Not all lilies are so sweetly fragrant. Lilium pyrenaicum, known as the yellow Turk’s cap lily, is a species that spreads easily – too easily according to some gardeners – and has become naturalised in several gardens. Although the scent is far from pleasant, its small, yellow blooms are delicately attractive. The common Turk’s cap lily, Lilium martagon, is one of the best for naturalising in woodland gardens. Planted amongst grass in semi-shade, next to a garden seat, its neatly curled flowers can be admired closely, and then you can reflect upon the fact that this lily, first recorded in Britain in 1596, was one of the earliest species to be cultivated in our gardens.
Planting lilies in pots
Like many bulbous plants, lily hybrids are extremely well-suited to growing in pots. As a general rule, Asiatic hybrids will bloom around 100 days from planting in early spring. Three bulbs are ample for a 25cm wide pot, but greater impact of colour can be achieved with five bulbs in a larger pot. Put a few handfuls of multi-purpose compost in the bottom of the pot, place the lilies on top, and then fill the pot with compost to within 2cm of the rim. It is important that bulbs are covered with at least 15cm of compost. Oriental lilies require lime-free compost, and nearly all lilies thrive in compost that is enriched with added humus such as leafmould. Pots can be tucked away in an inconspicuous, cool, sheltered place until buds begin to push up through the compost. They can then be placed in a sunny or semi-shaded spot and kept well-watered in times when rain is scarce. After flowering, lily stems will fade in autumn and can be cut back as soon as they are dry and brittle. Bulbs can be left in the same pot for two or three years, but after this period of time, it is best to shake them out of the pot and give them fresh compost or plant them out in the garden.

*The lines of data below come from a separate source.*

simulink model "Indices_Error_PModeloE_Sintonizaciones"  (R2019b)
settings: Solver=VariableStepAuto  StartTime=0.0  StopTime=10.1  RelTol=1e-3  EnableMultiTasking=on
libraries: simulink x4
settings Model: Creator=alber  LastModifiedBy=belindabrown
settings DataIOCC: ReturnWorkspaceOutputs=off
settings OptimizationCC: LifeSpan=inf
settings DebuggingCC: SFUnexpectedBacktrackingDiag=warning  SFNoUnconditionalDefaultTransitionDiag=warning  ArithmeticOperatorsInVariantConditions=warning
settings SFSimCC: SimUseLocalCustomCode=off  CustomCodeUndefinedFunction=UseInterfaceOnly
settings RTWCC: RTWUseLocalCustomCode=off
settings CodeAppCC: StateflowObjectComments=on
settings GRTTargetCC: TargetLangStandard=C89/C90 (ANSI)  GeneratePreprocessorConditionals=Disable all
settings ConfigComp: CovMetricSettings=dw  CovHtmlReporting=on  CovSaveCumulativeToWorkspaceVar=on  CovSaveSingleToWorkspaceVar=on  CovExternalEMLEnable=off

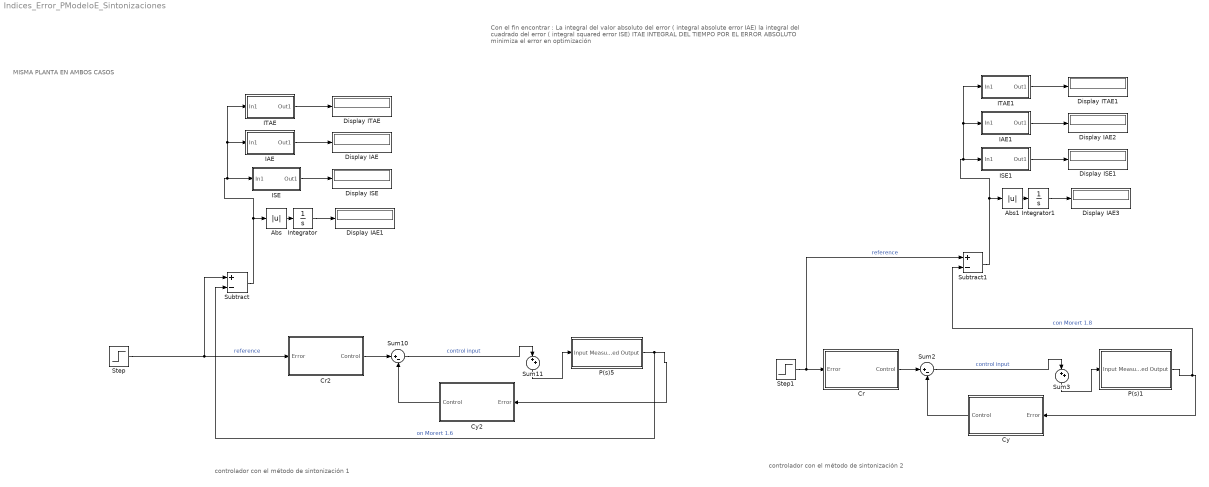
== system Indices_Error_PModeloE_Sintonizaciones ==
  note: MISMA PLANTA EN AMBOS CASOS
  note: controlador con el método de sintonización 2
  note: Con el fin encontrar :
      |
      | La integral del valor absoluto del error
      | ( integral absolute error IAE)
      |
      | la integral del cuadrado del error ( integral squared error ISE)
      |
      | ITAE INTEGRAL DEL TIEMPO POR EL ERROR ABSOLUTO minimiza el error en optimización
  note: controlador con el método de sintonización 1
  Abs : Abs
  Abs1 : Abs
  Cr : Subsystem
  Cr2 : Subsystem
  Cy : Subsystem
  Cy2 : Subsystem
  Display IAE{,1..3} (4 alike) : Display
  Display ISE : Display
  Display ISE1 : Display
  Display ITAE : Display
  Display ITAE1 : Display
  IAE : Subsystem
      mask help:
      | IAE performacne index
      |
      | output = int |input| dt
      mask Display:
      | disp('IAE')
      | port_label('input',1,'e')
      | port_label('output',1,'iae')
  IAE1 : Subsystem
      mask help:
      | IAE performacne index
      |
      | output = int |input| dt
      mask Display:
      | disp('IAE')
      | port_label('input',1,'e')
      | port_label('output',1,'iae')
  ISE : Subsystem
      mask help:
      | ISE performance index
      |
      | output = int (input)^2 dt
      mask Display:
      | disp('ISE')
      | port_label('input',1,'e')
      | port_label('output',1,'ise')
  ISE1 : Subsystem
      mask help:
      | ISE performance index
      |
      | output = int (input)^2 dt
      mask Display:
      | disp('ISE')
      | port_label('input',1,'e')
      | port_label('output',1,'ise')
  ITAE : Subsystem
      mask help:
      | ITAE performance index
      |
      | output = int t|input| dt
      mask Display:
      | disp('ITAE')
      | port_label('input',1,'e')
      | port_label('output',1,'itae')
  ITAE1 : Subsystem
      mask help:
      | ITAE performance index
      |
      | output = int t|input| dt
      mask Display:
      | disp('ITAE')
      | port_label('input',1,'e')
      | port_label('output',1,'itae')
  Integrator : Integrator
  Integrator1 : Integrator
  P(s)1 : Subsystem
  P(s)5 : Subsystem
  Step : Step  Time=10  SampleTime=0
  Step1 : Step  Time=10  SampleTime=0
  Subtract : Sum  Inputs=+-
  Subtract1 : Sum  Inputs=+-
  Sum10 : Sum  Inputs=|+-
  Sum11 : Sum  Inputs=|++
  Sum2 : Sum  Inputs=|+-
  Sum3 : Sum  Inputs=|++
  wires:
  IAE/1(Out1) -> Display IAE/1
  ISE/1(Out1) -> Display ISE/1
  ITAE/1(Out1) -> Display ITAE/1
  Abs/1 -> Integrator/1
  Integrator/1 -> Display IAE1/1
  P(s)5/1(Measured Output) -> Subtract/2, Cy2/1(Error)  "on Morert 1.6"
  Sum10/1 -> Sum11/1  "control input"
  Sum11/1 -> P(s)5/1(Input)
  Cr2/1(Control) -> Sum10/1
  Cy2/1(Control) -> Sum10/2
  Step/1 -> Subtract/1, Cr2/1(Error)  "reference"
  Subtract/1 -> ITAE/1(In1), IAE/1(In1), ISE/1(In1), Abs/1
  P(s)1/1(Measured Output) -> Subtract1/2, Cy/1(Error)  "con Morert 1.8"
  Sum2/1 -> Sum3/1  "control input"
  Sum3/1 -> P(s)1/1(Input)
  Cr/1(Control) -> Sum2/1
  Cy/1(Control) -> Sum2/2
  Step1/1 -> Subtract1/1, Cr/1(Error)  "reference"
  IAE1/1(Out1) -> Display IAE2/1
  ISE1/1(Out1) -> Display ISE1/1
  ITAE1/1(Out1) -> Display ITAE1/1
  Abs1/1 -> Integrator1/1
  Integrator1/1 -> Display IAE3/1
  Subtract1/1 -> ITAE1/1(In1), IAE1/1(In1), ISE1/1(In1), Abs1/1

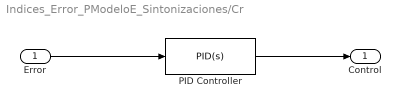
== system Indices_Error_PModeloE_Sintonizaciones/Cr ==
  Error : Inport
  PID Controller : simulink/Continuous/PID Controller  Controller=PID  Form=Ideal  TimeDomain=Continuous-time  SampleTime=-1  IntegratorMethod=Forward Euler  FilterMethod=Forward Euler  ControllerParametersSource=internal  P=1.57  I=1/9.59  D=0.011  UseFilter=on  N=1000  TunerSelectOption=Transfer Function Based (PID Tuner App)  InitialConditionSource=internal  InitialConditionForIntegrator=0  InitialConditionForFilter=0  DifferentiatorICPrevScaledInput=0  ExternalReset=none  TrackingMode=off  Kt=1  LimitOutput=off  UpperSaturationLimit=inf  LowerSaturationLimit=-inf  LinearizeAsGain=on  AntiWindupMode=none  Kb=1  POutMin=[]  POutMax=[]  IOutMin=[]  IOutMax=[]  DOutMin=[]  DOutMax=[]  NOutMin=[]  NOutMax=[]  SumOutMin=[]  SumOutMax=[]  SaturationOutMin=[]  SaturationOutMax=[]  PParamMin=[]  PParamMax=[]  IParamMin=[]  IParamMax=[]  DParamMin=[]  DParamMax=[]  NParamMin=[]  NParamMax=[]  KbParamMin=[]  KbParamMax=[]  KtParamMin=[]  KtParamMax=[]  KbOutMin=[]  KbOutMax=[]  KtOutMin=[]  KtOutMax=[]  IntegratorOutMin=[]  IntegratorOutMax=[]  FilterOutMin=[]  FilterOutMax=[]  SumI1OutMin=[]  SumI1OutMax=[]  SumI2OutMin=[]  SumI2OutMax=[]  SumI3OutMin=[]  SumI3OutMax=[]  SumI4OutMin=[]  SumI4OutMax=[]  SumDOutMin=[]  SumDOutMax=[]  DifferentiatorOutMin=[]  DifferentiatorOutMax=[]  FilterDiffOutCoefMin=[]  FilterDiffOutCoefMax=[]  ReciprocalOutMin=[]  ReciprocalOutMax=[]  SumDenOutMin=[]  SumDenOutMax=[]  SumNumOutMin=[]  SumNumOutMax=[]  DivideOutMin=[]  DivideOutMax=[]  IntegratorContinuousStateAttributes=''  IntegratorStateMustResolveToSignalObject=off  IntegratorRTWStateStorageClass=Auto  FilterContinuousStateAttributes=''  FilterStateMustResolveToSignalObject=off  FilterRTWStateStorageClass=Auto  ParallelPVariant=Passthrough  IdealPVariant=InternalParameters  IVariant=InternalParameters  DVariant=InternalParameters  IntegratorVariant=Continuous  SatVariant=Disabled  AWVariant=Passthrough  PCopyVariant=Disabled  TRVariant=Disabled  FdbkBlocksVariant=Forward  IdealPFdbkVariant=Disabled  SatFdbkVariant=Disabled  DerivativeFilterVariant=ContFilter  NVariant=InternalParameters  NCopyVariant=Disabled  FilterICVariant=InternalICsFilter  IntegratorICVariant=InternalICs  ExternalResetVariant=Disabled  TRSumVariant=Passthrough  SumFdbkVariant=Disabled  SumVariant=Sum_PID
  Control : Outport
  wires:
  PID Controller/1 -> Control/1
  Error/1 -> PID Controller/1

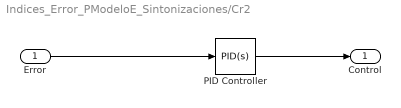
== system Indices_Error_PModeloE_Sintonizaciones/Cr2 ==
  Error : Inport
  PID Controller : simulink/Continuous/PID Controller  Controller=PID  Form=Ideal  TimeDomain=Continuous-time  SampleTime=-1  IntegratorMethod=Forward Euler  FilterMethod=Forward Euler  ControllerParametersSource=internal  P=1.82  I=1/12.82  D=0.0092  UseFilter=on  N=1000  TunerSelectOption=Transfer Function Based (PID Tuner App)  InitialConditionSource=internal  InitialConditionForIntegrator=0  InitialConditionForFilter=0  DifferentiatorICPrevScaledInput=0  ExternalReset=none  TrackingMode=off  Kt=1  LimitOutput=off  UpperSaturationLimit=inf  LowerSaturationLimit=-inf  LinearizeAsGain=on  AntiWindupMode=none  Kb=1  POutMin=[]  POutMax=[]  IOutMin=[]  IOutMax=[]  DOutMin=[]  DOutMax=[]  NOutMin=[]  NOutMax=[]  SumOutMin=[]  SumOutMax=[]  SaturationOutMin=[]  SaturationOutMax=[]  PParamMin=[]  PParamMax=[]  IParamMin=[]  IParamMax=[]  DParamMin=[]  DParamMax=[]  NParamMin=[]  NParamMax=[]  KbParamMin=[]  KbParamMax=[]  KtParamMin=[]  KtParamMax=[]  KbOutMin=[]  KbOutMax=[]  KtOutMin=[]  KtOutMax=[]  IntegratorOutMin=[]  IntegratorOutMax=[]  FilterOutMin=[]  FilterOutMax=[]  SumI1OutMin=[]  SumI1OutMax=[]  SumI2OutMin=[]  SumI2OutMax=[]  SumI3OutMin=[]  SumI3OutMax=[]  SumI4OutMin=[]  SumI4OutMax=[]  SumDOutMin=[]  SumDOutMax=[]  DifferentiatorOutMin=[]  DifferentiatorOutMax=[]  FilterDiffOutCoefMin=[]  FilterDiffOutCoefMax=[]  ReciprocalOutMin=[]  ReciprocalOutMax=[]  SumDenOutMin=[]  SumDenOutMax=[]  SumNumOutMin=[]  SumNumOutMax=[]  DivideOutMin=[]  DivideOutMax=[]  IntegratorContinuousStateAttributes=''  IntegratorStateMustResolveToSignalObject=off  IntegratorRTWStateStorageClass=Auto  FilterContinuousStateAttributes=''  FilterStateMustResolveToSignalObject=off  FilterRTWStateStorageClass=Auto  ParallelPVariant=Passthrough  IdealPVariant=InternalParameters  IVariant=InternalParameters  DVariant=InternalParameters  IntegratorVariant=Continuous  SatVariant=Disabled  AWVariant=Passthrough  PCopyVariant=Disabled  TRVariant=Disabled  FdbkBlocksVariant=Forward  IdealPFdbkVariant=Disabled  SatFdbkVariant=Disabled  DerivativeFilterVariant=ContFilter  NVariant=InternalParameters  NCopyVariant=Disabled  FilterICVariant=InternalICsFilter  IntegratorICVariant=InternalICs  ExternalResetVariant=Disabled  TRSumVariant=Passthrough  SumFdbkVariant=Disabled  SumVariant=Sum_PID
  Control : Outport
  wires:
  PID Controller/1 -> Control/1
  Error/1 -> PID Controller/1

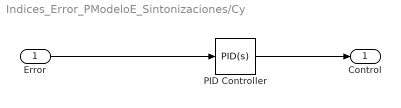
== system Indices_Error_PModeloE_Sintonizaciones/Cy ==
  Error : Inport
  PID Controller : simulink/Continuous/PID Controller  Controller=PID  Form=Ideal  TimeDomain=Continuous-time  SampleTime=-1  IntegratorMethod=Forward Euler  FilterMethod=Forward Euler  ControllerParametersSource=internal  P=1.57  I=1/9.59  D=0.011  UseFilter=on  N=1000  TunerSelectOption=Transfer Function Based (PID Tuner App)  InitialConditionSource=internal  InitialConditionForIntegrator=0  InitialConditionForFilter=0  DifferentiatorICPrevScaledInput=0  ExternalReset=none  TrackingMode=off  Kt=1  LimitOutput=off  UpperSaturationLimit=inf  LowerSaturationLimit=-inf  LinearizeAsGain=on  AntiWindupMode=none  Kb=1  POutMin=[]  POutMax=[]  IOutMin=[]  IOutMax=[]  DOutMin=[]  DOutMax=[]  NOutMin=[]  NOutMax=[]  SumOutMin=[]  SumOutMax=[]  SaturationOutMin=[]  SaturationOutMax=[]  PParamMin=[]  PParamMax=[]  IParamMin=[]  IParamMax=[]  DParamMin=[]  DParamMax=[]  NParamMin=[]  NParamMax=[]  KbParamMin=[]  KbParamMax=[]  KtParamMin=[]  KtParamMax=[]  KbOutMin=[]  KbOutMax=[]  KtOutMin=[]  KtOutMax=[]  IntegratorOutMin=[]  IntegratorOutMax=[]  FilterOutMin=[]  FilterOutMax=[]  SumI1OutMin=[]  SumI1OutMax=[]  SumI2OutMin=[]  SumI2OutMax=[]  SumI3OutMin=[]  SumI3OutMax=[]  SumI4OutMin=[]  SumI4OutMax=[]  SumDOutMin=[]  SumDOutMax=[]  DifferentiatorOutMin=[]  DifferentiatorOutMax=[]  FilterDiffOutCoefMin=[]  FilterDiffOutCoefMax=[]  ReciprocalOutMin=[]  ReciprocalOutMax=[]  SumDenOutMin=[]  SumDenOutMax=[]  SumNumOutMin=[]  SumNumOutMax=[]  DivideOutMin=[]  DivideOutMax=[]  IntegratorContinuousStateAttributes=''  IntegratorStateMustResolveToSignalObject=off  IntegratorRTWStateStorageClass=Auto  FilterContinuousStateAttributes=''  FilterStateMustResolveToSignalObject=off  FilterRTWStateStorageClass=Auto  ParallelPVariant=Passthrough  IdealPVariant=InternalParameters  IVariant=InternalParameters  DVariant=InternalParameters  IntegratorVariant=Continuous  SatVariant=Disabled  AWVariant=Passthrough  PCopyVariant=Disabled  TRVariant=Disabled  FdbkBlocksVariant=Forward  IdealPFdbkVariant=Disabled  SatFdbkVariant=Disabled  DerivativeFilterVariant=ContFilter  NVariant=InternalParameters  NCopyVariant=Disabled  FilterICVariant=InternalICsFilter  IntegratorICVariant=InternalICs  ExternalResetVariant=Disabled  TRSumVariant=Passthrough  SumFdbkVariant=Disabled  SumVariant=Sum_PID
  Control : Outport
  wires:
  PID Controller/1 -> Control/1
  Error/1 -> PID Controller/1

== system Indices_Error_PModeloE_Sintonizaciones/Cy2 ==
  Error : Inport
  PID Controller : simulink/Continuous/PID Controller  Controller=PID  Form=Ideal  TimeDomain=Continuous-time  SampleTime=-1  IntegratorMethod=Forward Euler  FilterMethod=Forward Euler  ControllerParametersSource=internal  P=1.82  I=1/12.82  D=0.0092  UseFilter=on  N=1000  TunerSelectOption=Transfer Function Based (PID Tuner App)  InitialConditionSource=internal  InitialConditionForIntegrator=0  InitialConditionForFilter=0  DifferentiatorICPrevScaledInput=0  ExternalReset=none  TrackingMode=off  Kt=1  LimitOutput=off  UpperSaturationLimit=inf  LowerSaturationLimit=-inf  LinearizeAsGain=on  AntiWindupMode=none  Kb=1  POutMin=[]  POutMax=[]  IOutMin=[]  IOutMax=[]  DOutMin=[]  DOutMax=[]  NOutMin=[]  NOutMax=[]  SumOutMin=[]  SumOutMax=[]  SaturationOutMin=[]  SaturationOutMax=[]  PParamMin=[]  PParamMax=[]  IParamMin=[]  IParamMax=[]  DParamMin=[]  DParamMax=[]  NParamMin=[]  NParamMax=[]  KbParamMin=[]  KbParamMax=[]  KtParamMin=[]  KtParamMax=[]  KbOutMin=[]  KbOutMax=[]  KtOutMin=[]  KtOutMax=[]  IntegratorOutMin=[]  IntegratorOutMax=[]  FilterOutMin=[]  FilterOutMax=[]  SumI1OutMin=[]  SumI1OutMax=[]  SumI2OutMin=[]  SumI2OutMax=[]  SumI3OutMin=[]  SumI3OutMax=[]  SumI4OutMin=[]  SumI4OutMax=[]  SumDOutMin=[]  SumDOutMax=[]  DifferentiatorOutMin=[]  DifferentiatorOutMax=[]  FilterDiffOutCoefMin=[]  FilterDiffOutCoefMax=[]  ReciprocalOutMin=[]  ReciprocalOutMax=[]  SumDenOutMin=[]  SumDenOutMax=[]  SumNumOutMin=[]  SumNumOutMax=[]  DivideOutMin=[]  DivideOutMax=[]  IntegratorContinuousStateAttributes=''  IntegratorStateMustResolveToSignalObject=off  IntegratorRTWStateStorageClass=Auto  FilterContinuousStateAttributes=''  FilterStateMustResolveToSignalObject=off  FilterRTWStateStorageClass=Auto  ParallelPVariant=Passthrough  IdealPVariant=InternalParameters  IVariant=InternalParameters  DVariant=InternalParameters  IntegratorVariant=Continuous  SatVariant=Disabled  AWVariant=Passthrough  PCopyVariant=Disabled  TRVariant=Disabled  FdbkBlocksVariant=Forward  IdealPFdbkVariant=Disabled  SatFdbkVariant=Disabled  DerivativeFilterVariant=ContFilter  NVariant=InternalParameters  NCopyVariant=Disabled  FilterICVariant=InternalICsFilter  IntegratorICVariant=InternalICs  ExternalResetVariant=Disabled  TRSumVariant=Passthrough  SumFdbkVariant=Disabled  SumVariant=Sum_PID
  Control : Outport
  wires:
  PID Controller/1 -> Control/1
  Error/1 -> PID Controller/1

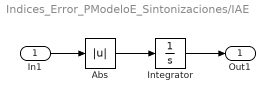
== system Indices_Error_PModeloE_Sintonizaciones/IAE ==
  In1 : Inport
  Abs : Abs
  Integrator : Integrator
  Out1 : Outport
  wires:
  In1/1 -> Abs/1
  Integrator/1 -> Out1/1
  Abs/1 -> Integrator/1

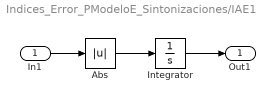
== system Indices_Error_PModeloE_Sintonizaciones/IAE1 ==
  In1 : Inport
  Abs : Abs
  Integrator : Integrator
  Out1 : Outport
  wires:
  In1/1 -> Abs/1
  Integrator/1 -> Out1/1
  Abs/1 -> Integrator/1

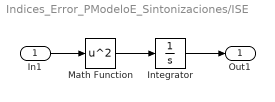
== system Indices_Error_PModeloE_Sintonizaciones/ISE ==
  In1 : Inport
  Integrator : Integrator
  Math Function : Math  Operator=square  SaturateOnIntegerOverflow=on
  Out1 : Outport
  wires:
  Math Function/1 -> Integrator/1
  Integrator/1 -> Out1/1
  In1/1 -> Math Function/1

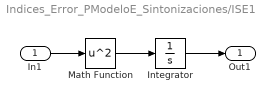
== system Indices_Error_PModeloE_Sintonizaciones/ISE1 ==
  In1 : Inport
  Integrator : Integrator
  Math Function : Math  Operator=square  SaturateOnIntegerOverflow=on
  Out1 : Outport
  wires:
  Math Function/1 -> Integrator/1
  Integrator/1 -> Out1/1
  In1/1 -> Math Function/1

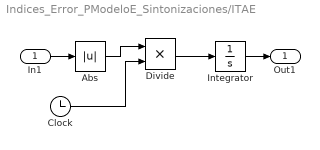
== system Indices_Error_PModeloE_Sintonizaciones/ITAE ==
  In1 : Inport
  Abs : Abs
  Clock : Clock
  Divide : Product  Inputs=**
  Integrator : Integrator
  Out1 : Outport
  wires:
  Integrator/1 -> Out1/1
  In1/1 -> Abs/1
  Divide/1 -> Integrator/1
  Abs/1 -> Divide/1
  Clock/1 -> Divide/2

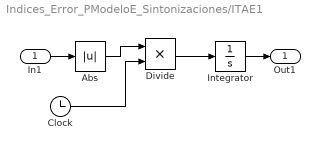
== system Indices_Error_PModeloE_Sintonizaciones/ITAE1 ==
  In1 : Inport
  Abs : Abs
  Clock : Clock
  Divide : Product  Inputs=**
  Integrator : Integrator
  Out1 : Outport
  wires:
  Integrator/1 -> Out1/1
  In1/1 -> Abs/1
  Divide/1 -> Integrator/1
  Abs/1 -> Divide/1
  Clock/1 -> Divide/2

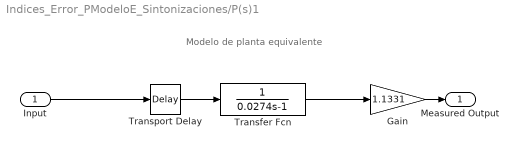
== system Indices_Error_PModeloE_Sintonizaciones/P(s)1 ==
  note: Modelo de planta equivalente
  Input : Inport
  Gain : Gain  Gain=1.1331
  Transfer Fcn : TransferFcn  Denominator=[0.0274 -1]
  Transport Delay : TransportDelay  DelayTime=0.020
  Measured Output : Outport
  wires:
  Input/1 -> Transport Delay/1
  Transport Delay/1 -> Transfer Fcn/1
  Gain/1 -> Measured Output/1
  Transfer Fcn/1 -> Gain/1

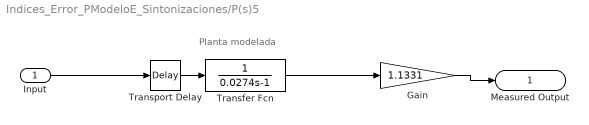
== system Indices_Error_PModeloE_Sintonizaciones/P(s)5 ==
  note: Planta modelada
  Input : Inport
  Gain : Gain  Gain=1.1331
  Transfer Fcn : TransferFcn  Denominator=[0.0274 -1]
  Transport Delay : TransportDelay  DelayTime=0.020
  Measured Output : Outport
  wires:
  Input/1 -> Transport Delay/1
  Transport Delay/1 -> Transfer Fcn/1
  Gain/1 -> Measured Output/1
  Transfer Fcn/1 -> Gain/1

Planting lilies in borders
As nearly all lilies prefer deep planting, with the exception of Lilium candidum, soil preparation is very important if bulbs are to have a healthy and long life. Good drainage is essential so soil should be broken up by digging and forking, and adding plenty of leafmould or well-rotted compost. In soils that are heavy, the addition of coarse grit helps to ensure a long-term, clear root-run for bulbs. The habit of placing bulbs on a thick bed of sand in their planting holes is probably old-fashioned now, but it is a practise to which I still adhere. During wet Cumbrian winters, there is solace to be gained from the knowledge that precious lily bulbs, in their sandy lair, are being offered as much protection as possible from surrounding soil saturation. Planted in close proximity to other plants such as herbaceous perennials, lilies are shown off to full advantage when in flower. Neighbouring plants offer developing lilies shelter from late frosts, and help to shade the area around lilies’ feet from the strongest sun in summer.